**Dataset records**
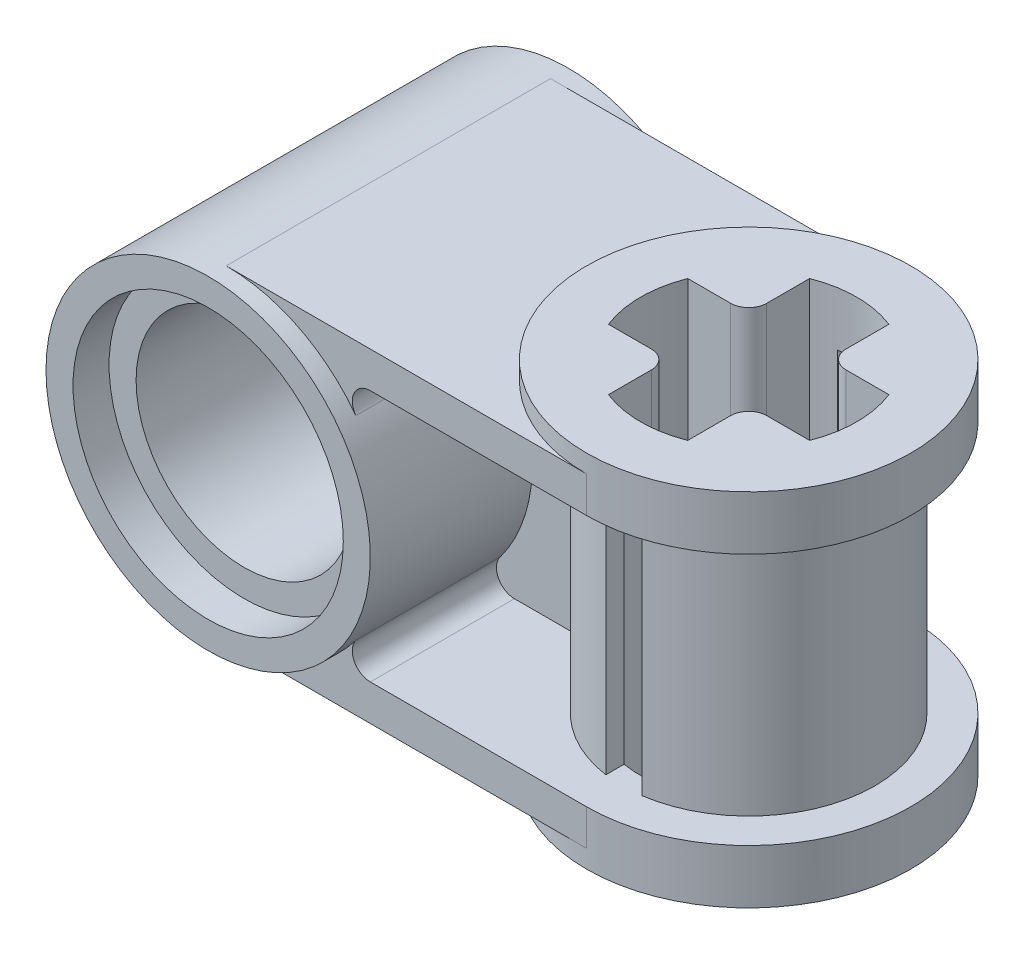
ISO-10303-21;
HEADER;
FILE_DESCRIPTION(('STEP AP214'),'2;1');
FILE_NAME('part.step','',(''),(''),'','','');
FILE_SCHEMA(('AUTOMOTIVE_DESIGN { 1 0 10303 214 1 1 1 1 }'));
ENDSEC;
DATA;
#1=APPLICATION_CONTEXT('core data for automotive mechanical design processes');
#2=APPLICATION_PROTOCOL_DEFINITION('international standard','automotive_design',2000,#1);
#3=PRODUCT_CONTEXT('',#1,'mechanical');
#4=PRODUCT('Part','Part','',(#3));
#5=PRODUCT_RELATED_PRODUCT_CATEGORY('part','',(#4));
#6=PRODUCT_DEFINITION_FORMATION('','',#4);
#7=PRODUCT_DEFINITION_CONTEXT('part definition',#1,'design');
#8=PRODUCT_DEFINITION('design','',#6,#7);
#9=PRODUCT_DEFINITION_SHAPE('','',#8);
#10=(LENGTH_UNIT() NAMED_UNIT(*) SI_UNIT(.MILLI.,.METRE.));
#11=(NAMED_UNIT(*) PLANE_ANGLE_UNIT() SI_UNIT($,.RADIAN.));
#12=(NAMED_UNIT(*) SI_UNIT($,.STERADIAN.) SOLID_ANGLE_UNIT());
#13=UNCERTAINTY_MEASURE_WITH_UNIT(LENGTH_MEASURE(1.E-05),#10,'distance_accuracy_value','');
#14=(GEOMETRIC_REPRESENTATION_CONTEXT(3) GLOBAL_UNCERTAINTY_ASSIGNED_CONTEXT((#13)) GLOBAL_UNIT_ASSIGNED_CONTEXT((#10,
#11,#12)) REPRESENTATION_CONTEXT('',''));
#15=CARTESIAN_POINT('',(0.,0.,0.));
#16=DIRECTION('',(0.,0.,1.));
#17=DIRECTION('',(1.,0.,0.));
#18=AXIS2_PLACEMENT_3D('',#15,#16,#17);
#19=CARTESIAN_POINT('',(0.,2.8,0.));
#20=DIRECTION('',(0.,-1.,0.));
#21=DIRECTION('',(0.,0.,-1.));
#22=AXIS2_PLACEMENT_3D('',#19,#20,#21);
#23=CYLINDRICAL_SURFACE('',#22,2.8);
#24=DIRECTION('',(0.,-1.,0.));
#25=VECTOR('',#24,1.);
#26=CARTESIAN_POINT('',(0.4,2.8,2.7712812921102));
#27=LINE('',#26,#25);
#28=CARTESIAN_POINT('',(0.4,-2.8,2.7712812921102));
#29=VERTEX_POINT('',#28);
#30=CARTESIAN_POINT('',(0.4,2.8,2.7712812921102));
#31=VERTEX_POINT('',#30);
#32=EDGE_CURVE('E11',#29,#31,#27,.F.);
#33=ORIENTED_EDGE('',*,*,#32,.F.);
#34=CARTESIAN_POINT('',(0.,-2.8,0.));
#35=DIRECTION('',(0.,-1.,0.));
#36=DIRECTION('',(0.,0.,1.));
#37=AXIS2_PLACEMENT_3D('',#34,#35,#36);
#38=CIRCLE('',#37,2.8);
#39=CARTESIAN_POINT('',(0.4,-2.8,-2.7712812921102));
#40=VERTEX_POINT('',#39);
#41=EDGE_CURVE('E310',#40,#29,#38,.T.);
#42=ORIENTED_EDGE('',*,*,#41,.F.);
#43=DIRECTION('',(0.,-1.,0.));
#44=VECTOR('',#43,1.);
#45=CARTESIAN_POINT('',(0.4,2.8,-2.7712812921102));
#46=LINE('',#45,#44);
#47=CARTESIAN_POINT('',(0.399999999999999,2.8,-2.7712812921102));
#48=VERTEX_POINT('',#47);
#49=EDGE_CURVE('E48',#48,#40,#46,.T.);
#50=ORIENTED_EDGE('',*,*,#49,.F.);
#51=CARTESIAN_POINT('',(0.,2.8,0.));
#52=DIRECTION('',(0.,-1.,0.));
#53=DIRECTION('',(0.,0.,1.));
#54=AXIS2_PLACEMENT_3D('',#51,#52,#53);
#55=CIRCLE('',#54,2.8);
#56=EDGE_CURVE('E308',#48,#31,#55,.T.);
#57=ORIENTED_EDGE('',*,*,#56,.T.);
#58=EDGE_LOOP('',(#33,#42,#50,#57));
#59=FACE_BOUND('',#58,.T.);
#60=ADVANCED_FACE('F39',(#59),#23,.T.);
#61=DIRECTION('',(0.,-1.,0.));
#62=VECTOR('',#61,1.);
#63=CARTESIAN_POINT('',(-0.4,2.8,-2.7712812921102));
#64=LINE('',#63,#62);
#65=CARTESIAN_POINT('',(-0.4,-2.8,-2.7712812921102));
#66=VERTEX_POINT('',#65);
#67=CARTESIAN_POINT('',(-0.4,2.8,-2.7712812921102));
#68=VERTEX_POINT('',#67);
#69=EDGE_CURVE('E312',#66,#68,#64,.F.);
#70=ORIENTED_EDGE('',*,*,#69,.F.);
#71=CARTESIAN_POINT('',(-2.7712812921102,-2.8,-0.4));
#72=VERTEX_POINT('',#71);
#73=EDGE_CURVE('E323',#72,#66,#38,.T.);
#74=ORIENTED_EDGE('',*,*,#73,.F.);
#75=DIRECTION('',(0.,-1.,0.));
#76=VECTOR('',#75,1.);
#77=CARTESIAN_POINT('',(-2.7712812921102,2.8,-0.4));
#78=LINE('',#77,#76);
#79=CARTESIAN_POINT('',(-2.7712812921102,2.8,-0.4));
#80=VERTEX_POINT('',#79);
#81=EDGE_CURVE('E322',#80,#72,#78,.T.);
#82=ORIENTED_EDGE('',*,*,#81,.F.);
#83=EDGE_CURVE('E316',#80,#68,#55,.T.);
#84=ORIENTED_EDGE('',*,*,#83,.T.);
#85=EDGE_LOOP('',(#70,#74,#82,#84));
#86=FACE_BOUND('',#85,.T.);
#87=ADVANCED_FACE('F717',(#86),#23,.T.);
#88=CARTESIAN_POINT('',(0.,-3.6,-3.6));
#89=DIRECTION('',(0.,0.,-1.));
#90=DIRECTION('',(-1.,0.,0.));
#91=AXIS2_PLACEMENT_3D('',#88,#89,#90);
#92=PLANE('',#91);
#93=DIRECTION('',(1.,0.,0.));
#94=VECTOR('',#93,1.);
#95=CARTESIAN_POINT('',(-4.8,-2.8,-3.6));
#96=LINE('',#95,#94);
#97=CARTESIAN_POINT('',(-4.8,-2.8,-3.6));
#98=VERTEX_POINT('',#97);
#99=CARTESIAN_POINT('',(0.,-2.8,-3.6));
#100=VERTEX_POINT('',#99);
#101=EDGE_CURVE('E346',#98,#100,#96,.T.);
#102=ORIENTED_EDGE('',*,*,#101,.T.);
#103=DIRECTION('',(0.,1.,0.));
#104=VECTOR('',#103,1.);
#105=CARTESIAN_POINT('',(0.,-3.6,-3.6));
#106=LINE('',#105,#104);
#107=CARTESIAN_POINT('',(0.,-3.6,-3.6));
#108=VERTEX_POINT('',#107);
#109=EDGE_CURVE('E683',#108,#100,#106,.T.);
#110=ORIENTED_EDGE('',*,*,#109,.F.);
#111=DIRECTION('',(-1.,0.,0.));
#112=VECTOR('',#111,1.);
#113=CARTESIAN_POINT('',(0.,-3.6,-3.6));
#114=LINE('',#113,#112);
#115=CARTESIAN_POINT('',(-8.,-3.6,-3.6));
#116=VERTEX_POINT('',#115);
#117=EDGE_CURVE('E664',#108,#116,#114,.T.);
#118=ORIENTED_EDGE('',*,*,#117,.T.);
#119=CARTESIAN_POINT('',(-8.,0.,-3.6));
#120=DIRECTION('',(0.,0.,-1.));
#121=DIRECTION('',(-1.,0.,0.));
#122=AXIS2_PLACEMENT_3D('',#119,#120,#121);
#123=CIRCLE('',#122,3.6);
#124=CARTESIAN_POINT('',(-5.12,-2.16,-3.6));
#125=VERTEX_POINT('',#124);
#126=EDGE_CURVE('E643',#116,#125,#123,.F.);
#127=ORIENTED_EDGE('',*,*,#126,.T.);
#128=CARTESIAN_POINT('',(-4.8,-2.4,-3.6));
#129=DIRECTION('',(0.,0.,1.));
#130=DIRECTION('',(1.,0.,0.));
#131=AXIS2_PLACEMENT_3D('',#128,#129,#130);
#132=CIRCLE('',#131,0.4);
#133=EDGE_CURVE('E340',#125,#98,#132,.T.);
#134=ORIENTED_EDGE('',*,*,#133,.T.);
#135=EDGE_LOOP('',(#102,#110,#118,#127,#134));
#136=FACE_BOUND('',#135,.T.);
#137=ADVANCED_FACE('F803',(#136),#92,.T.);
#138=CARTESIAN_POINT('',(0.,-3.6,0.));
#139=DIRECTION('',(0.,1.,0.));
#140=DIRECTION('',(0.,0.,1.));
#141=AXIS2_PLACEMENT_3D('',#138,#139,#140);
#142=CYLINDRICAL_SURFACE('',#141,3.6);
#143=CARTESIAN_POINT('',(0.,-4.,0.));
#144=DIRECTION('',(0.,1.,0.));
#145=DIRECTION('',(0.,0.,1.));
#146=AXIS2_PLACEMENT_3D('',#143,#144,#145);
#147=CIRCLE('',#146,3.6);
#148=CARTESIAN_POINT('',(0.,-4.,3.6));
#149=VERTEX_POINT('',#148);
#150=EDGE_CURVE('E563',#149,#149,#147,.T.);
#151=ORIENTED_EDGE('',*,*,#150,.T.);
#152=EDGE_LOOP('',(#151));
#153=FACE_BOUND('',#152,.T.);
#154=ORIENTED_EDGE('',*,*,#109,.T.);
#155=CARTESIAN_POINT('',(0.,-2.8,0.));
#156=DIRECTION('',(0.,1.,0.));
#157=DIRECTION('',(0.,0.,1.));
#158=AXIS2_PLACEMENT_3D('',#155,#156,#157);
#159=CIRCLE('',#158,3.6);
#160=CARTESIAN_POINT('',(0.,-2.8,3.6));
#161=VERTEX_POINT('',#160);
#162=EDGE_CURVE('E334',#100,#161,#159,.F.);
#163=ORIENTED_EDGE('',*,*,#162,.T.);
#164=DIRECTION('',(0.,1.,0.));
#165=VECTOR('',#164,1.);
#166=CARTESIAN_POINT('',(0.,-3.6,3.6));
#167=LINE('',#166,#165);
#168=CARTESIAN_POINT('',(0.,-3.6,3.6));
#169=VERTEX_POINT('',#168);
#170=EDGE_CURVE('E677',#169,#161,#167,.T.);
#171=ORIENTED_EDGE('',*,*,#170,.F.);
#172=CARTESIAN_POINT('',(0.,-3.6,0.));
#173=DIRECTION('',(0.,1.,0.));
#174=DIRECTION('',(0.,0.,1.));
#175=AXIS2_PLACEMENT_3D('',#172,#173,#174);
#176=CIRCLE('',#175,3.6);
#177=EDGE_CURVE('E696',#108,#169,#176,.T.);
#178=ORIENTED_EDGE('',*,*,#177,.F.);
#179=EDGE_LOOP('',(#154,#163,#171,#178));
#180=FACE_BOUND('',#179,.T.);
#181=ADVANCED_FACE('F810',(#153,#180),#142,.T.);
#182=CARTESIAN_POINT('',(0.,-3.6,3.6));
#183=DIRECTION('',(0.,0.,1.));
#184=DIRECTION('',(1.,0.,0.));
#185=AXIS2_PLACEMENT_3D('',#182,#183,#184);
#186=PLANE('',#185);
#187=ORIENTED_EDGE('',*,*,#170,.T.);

**Directions**
Could you restate, word for word, the lines above from the one with "#75=DIRECTION('',(0.,-1.,0.));" to the one with "#86=FACE_BOUND('',#85,.T.);", both included?

**Exercise solution**
#75=DIRECTION('',(0.,-1.,0.));
#76=VECTOR('',#75,1.);
#77=CARTESIAN_POINT('',(-2.7712812921102,2.8,-0.4));
#78=LINE('',#77,#76);
#79=CARTESIAN_POINT('',(-2.7712812921102,2.8,-0.4));
#80=VERTEX_POINT('',#79);
#81=EDGE_CURVE('E322',#80,#72,#78,.T.);
#82=ORIENTED_EDGE('',*,*,#81,.F.);
#83=EDGE_CURVE('E316',#80,#68,#55,.T.);
#84=ORIENTED_EDGE('',*,*,#83,.T.);
#85=EDGE_LOOP('',(#70,#74,#82,#84));
#86=FACE_BOUND('',#85,.T.);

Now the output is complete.